Zo begint het artikel in Flow magazine uit 2018. Het is deel van een groter artikel over mensen die in de natuur werken.
“Jarenlang leerde ik andere ondernemers hoe ze hun bedrijf lucratiever konden maken, hoe ze nóg meer omzet konden behalen. Met succes, want in amper twee jaar had ik zelf als ondernemer honderdduizend euro verdiend. Maar toen ik op mijn bankrekening inlogde, voelde ik geen blijdschap. Wat moest ik nu gaan doen? Nog een ton verdienen? Ik besefte dat ik had toegewerkt naar iets wat me niet gelukkig maakte. Ik zat altijd maar binnen, altijd te werken. Soms wist ik niet eens wat voor weer het die dag was geweest. Er moet méér zijn, voelde ik. Intussen had ik buiten een camper staan, waarmee ik van plan was om in de vakanties te gaan toeren. En elke keer als ik die camper binnenstapte, merkte ik hoe fijn dat voelde. Daarom bedacht ik me: waarom kan ik niet werken en reizen tegelijk? Drie weken later trok ik de deur achter me dicht en ging ik richting Spanje. Klinkt stoer, maar ik was doodsbang. Want als je alles loslaat, wat kom je dan tegen? Tweeënhalf jaar lang heb ik rondgereden, van natuurpark naar natuurpark, totdat ik bij het Zuid-Spaanse Tarifa een plek vond waar ik wilde blijven. Mijn bedrijf is inmiddels verkocht, mijn huis in Nieuwegein opgezegd. Want in de natuur zijn is een levensbehoefte geworden, heb ik gemerkt. Ik heb de afgelopen tijd betere dingen gemaakt dan in al die jaren tussen vier muren.
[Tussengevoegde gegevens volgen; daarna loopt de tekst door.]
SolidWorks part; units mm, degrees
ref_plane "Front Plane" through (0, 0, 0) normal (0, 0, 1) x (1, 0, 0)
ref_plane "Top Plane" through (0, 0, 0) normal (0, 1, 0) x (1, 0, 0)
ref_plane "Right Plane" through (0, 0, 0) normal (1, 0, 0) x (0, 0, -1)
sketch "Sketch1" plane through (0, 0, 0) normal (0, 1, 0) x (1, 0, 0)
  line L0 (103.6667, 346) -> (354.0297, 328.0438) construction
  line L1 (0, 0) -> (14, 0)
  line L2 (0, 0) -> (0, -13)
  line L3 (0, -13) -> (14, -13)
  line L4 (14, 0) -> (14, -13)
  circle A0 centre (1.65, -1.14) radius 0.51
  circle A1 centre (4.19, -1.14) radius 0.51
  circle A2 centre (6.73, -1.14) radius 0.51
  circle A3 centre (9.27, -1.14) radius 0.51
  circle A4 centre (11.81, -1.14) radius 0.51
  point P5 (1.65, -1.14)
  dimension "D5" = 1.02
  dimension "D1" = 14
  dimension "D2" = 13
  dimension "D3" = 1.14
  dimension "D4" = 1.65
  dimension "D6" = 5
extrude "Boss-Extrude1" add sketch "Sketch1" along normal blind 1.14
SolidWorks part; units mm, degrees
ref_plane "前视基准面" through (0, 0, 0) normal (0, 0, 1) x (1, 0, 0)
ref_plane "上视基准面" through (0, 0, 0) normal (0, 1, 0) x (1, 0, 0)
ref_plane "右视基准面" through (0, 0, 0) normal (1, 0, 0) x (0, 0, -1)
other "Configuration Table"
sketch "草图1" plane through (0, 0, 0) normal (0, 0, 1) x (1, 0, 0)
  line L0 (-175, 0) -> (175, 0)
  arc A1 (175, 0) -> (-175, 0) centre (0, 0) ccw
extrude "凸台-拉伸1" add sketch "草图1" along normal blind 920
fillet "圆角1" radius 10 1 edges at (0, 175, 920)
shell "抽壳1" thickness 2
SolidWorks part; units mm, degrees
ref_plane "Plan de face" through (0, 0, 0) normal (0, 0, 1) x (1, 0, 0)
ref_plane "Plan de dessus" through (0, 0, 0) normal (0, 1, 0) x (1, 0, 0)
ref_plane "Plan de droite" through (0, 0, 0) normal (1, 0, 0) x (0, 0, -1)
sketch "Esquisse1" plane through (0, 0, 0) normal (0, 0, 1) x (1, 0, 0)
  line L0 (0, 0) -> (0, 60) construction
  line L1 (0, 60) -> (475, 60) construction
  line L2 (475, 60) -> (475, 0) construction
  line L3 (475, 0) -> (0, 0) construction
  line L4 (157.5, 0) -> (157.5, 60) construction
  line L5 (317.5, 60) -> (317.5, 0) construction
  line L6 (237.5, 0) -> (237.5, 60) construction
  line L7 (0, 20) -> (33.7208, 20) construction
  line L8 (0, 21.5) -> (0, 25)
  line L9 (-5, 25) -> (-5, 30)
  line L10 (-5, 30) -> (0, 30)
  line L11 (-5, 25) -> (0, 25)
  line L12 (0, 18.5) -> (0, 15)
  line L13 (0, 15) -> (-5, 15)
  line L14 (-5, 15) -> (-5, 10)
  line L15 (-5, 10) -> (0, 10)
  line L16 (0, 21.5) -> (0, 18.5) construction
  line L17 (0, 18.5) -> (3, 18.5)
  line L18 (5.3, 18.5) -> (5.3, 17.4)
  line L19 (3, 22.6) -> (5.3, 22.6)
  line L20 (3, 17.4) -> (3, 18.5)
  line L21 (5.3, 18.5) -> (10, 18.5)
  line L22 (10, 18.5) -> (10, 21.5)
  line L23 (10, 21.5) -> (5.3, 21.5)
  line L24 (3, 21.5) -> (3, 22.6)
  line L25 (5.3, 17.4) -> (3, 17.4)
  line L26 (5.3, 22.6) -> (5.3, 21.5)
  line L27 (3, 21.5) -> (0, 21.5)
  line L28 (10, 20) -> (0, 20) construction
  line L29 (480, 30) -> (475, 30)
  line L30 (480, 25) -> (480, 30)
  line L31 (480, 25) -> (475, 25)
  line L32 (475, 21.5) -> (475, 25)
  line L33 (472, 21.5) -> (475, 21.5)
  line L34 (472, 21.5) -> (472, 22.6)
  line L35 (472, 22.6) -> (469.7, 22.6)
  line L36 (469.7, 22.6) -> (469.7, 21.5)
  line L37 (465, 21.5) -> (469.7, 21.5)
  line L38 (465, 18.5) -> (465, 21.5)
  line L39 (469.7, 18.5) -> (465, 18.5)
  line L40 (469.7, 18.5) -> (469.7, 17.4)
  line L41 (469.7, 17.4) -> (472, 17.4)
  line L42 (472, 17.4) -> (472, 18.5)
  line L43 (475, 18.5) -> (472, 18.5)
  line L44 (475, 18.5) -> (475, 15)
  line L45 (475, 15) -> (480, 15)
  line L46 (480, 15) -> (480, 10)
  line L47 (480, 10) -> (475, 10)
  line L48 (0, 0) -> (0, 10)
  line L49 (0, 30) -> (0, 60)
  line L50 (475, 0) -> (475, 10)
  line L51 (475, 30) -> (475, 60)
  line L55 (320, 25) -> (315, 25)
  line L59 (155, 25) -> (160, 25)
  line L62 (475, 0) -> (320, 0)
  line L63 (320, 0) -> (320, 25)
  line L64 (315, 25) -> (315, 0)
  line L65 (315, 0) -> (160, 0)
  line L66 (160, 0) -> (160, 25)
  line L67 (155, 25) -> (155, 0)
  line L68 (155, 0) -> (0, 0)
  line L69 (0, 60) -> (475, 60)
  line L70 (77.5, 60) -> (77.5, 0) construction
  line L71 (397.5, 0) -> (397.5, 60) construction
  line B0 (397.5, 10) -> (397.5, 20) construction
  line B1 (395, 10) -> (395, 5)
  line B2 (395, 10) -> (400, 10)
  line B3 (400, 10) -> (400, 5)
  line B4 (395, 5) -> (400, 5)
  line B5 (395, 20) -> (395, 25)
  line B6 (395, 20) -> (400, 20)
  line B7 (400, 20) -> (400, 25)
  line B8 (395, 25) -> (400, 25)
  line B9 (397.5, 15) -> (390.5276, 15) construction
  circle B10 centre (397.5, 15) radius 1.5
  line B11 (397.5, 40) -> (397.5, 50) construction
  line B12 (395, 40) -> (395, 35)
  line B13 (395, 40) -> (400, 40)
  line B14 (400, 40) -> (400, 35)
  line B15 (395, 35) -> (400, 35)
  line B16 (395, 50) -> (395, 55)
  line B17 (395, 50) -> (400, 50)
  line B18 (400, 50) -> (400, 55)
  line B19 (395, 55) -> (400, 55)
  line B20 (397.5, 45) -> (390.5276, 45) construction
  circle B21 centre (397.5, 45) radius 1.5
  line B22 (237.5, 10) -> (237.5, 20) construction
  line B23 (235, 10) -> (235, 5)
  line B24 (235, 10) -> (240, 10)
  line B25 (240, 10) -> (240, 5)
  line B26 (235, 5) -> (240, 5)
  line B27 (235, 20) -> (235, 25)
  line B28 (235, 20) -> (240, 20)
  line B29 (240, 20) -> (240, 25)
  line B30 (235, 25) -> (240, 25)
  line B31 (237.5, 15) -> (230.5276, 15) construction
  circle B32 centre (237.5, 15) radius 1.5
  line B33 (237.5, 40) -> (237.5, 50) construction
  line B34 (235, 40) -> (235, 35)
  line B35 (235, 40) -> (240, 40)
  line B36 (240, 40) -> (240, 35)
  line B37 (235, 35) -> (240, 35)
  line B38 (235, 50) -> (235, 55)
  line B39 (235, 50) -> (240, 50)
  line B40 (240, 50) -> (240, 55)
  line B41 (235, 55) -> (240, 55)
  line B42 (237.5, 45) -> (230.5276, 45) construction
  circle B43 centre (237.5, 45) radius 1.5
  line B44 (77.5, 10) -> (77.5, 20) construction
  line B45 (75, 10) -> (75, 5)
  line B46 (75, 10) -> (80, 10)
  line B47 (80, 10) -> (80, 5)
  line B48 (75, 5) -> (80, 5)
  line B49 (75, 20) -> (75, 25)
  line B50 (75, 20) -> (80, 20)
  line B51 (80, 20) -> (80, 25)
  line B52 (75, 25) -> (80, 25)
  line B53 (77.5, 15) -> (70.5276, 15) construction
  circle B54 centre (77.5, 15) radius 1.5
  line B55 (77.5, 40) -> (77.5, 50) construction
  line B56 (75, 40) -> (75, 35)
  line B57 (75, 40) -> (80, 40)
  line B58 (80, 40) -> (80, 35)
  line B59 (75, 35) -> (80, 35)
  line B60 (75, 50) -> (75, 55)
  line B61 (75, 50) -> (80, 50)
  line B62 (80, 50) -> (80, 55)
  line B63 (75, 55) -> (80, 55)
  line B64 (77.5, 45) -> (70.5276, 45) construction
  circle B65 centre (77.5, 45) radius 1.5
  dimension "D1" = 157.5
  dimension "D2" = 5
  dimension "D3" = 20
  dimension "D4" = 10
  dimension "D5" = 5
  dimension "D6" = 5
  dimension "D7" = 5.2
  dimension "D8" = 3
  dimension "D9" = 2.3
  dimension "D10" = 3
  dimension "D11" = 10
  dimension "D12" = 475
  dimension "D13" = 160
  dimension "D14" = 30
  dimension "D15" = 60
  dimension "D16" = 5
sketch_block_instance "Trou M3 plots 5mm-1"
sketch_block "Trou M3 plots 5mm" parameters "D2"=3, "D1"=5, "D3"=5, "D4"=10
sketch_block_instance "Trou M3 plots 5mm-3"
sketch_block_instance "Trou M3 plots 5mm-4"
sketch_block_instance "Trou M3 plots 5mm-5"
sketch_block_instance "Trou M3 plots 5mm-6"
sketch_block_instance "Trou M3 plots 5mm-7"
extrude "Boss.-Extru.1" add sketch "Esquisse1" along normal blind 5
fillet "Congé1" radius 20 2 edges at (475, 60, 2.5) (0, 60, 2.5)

In de natuur ga je open. Je hebt oogcontact met andere mensen, maakt een praatje, verwondert je over alles wat je ziet. In de stad of op een kantoor ga je daarentegen dicht: je sluit je af voor je omgeving. Dat moet ook wel, met al die prikkels. En dat is slecht voor je creativiteit. Ik coach nu andere ondernemers die worstelen met werkdruk of stress en die wel wat meer vrijheid kunnen gebruiken in hun werk. Hen adviseer ik vaak om af en toe het werk neer te leggen en naar buiten te gaan, of om een dag ergens in de natuur te gaan werken. Als je groen en bomen en vogels ziet, vallen de ideeën vanzelf binnen. En ja, soms is de wifi slecht. Ook weleens fijn.”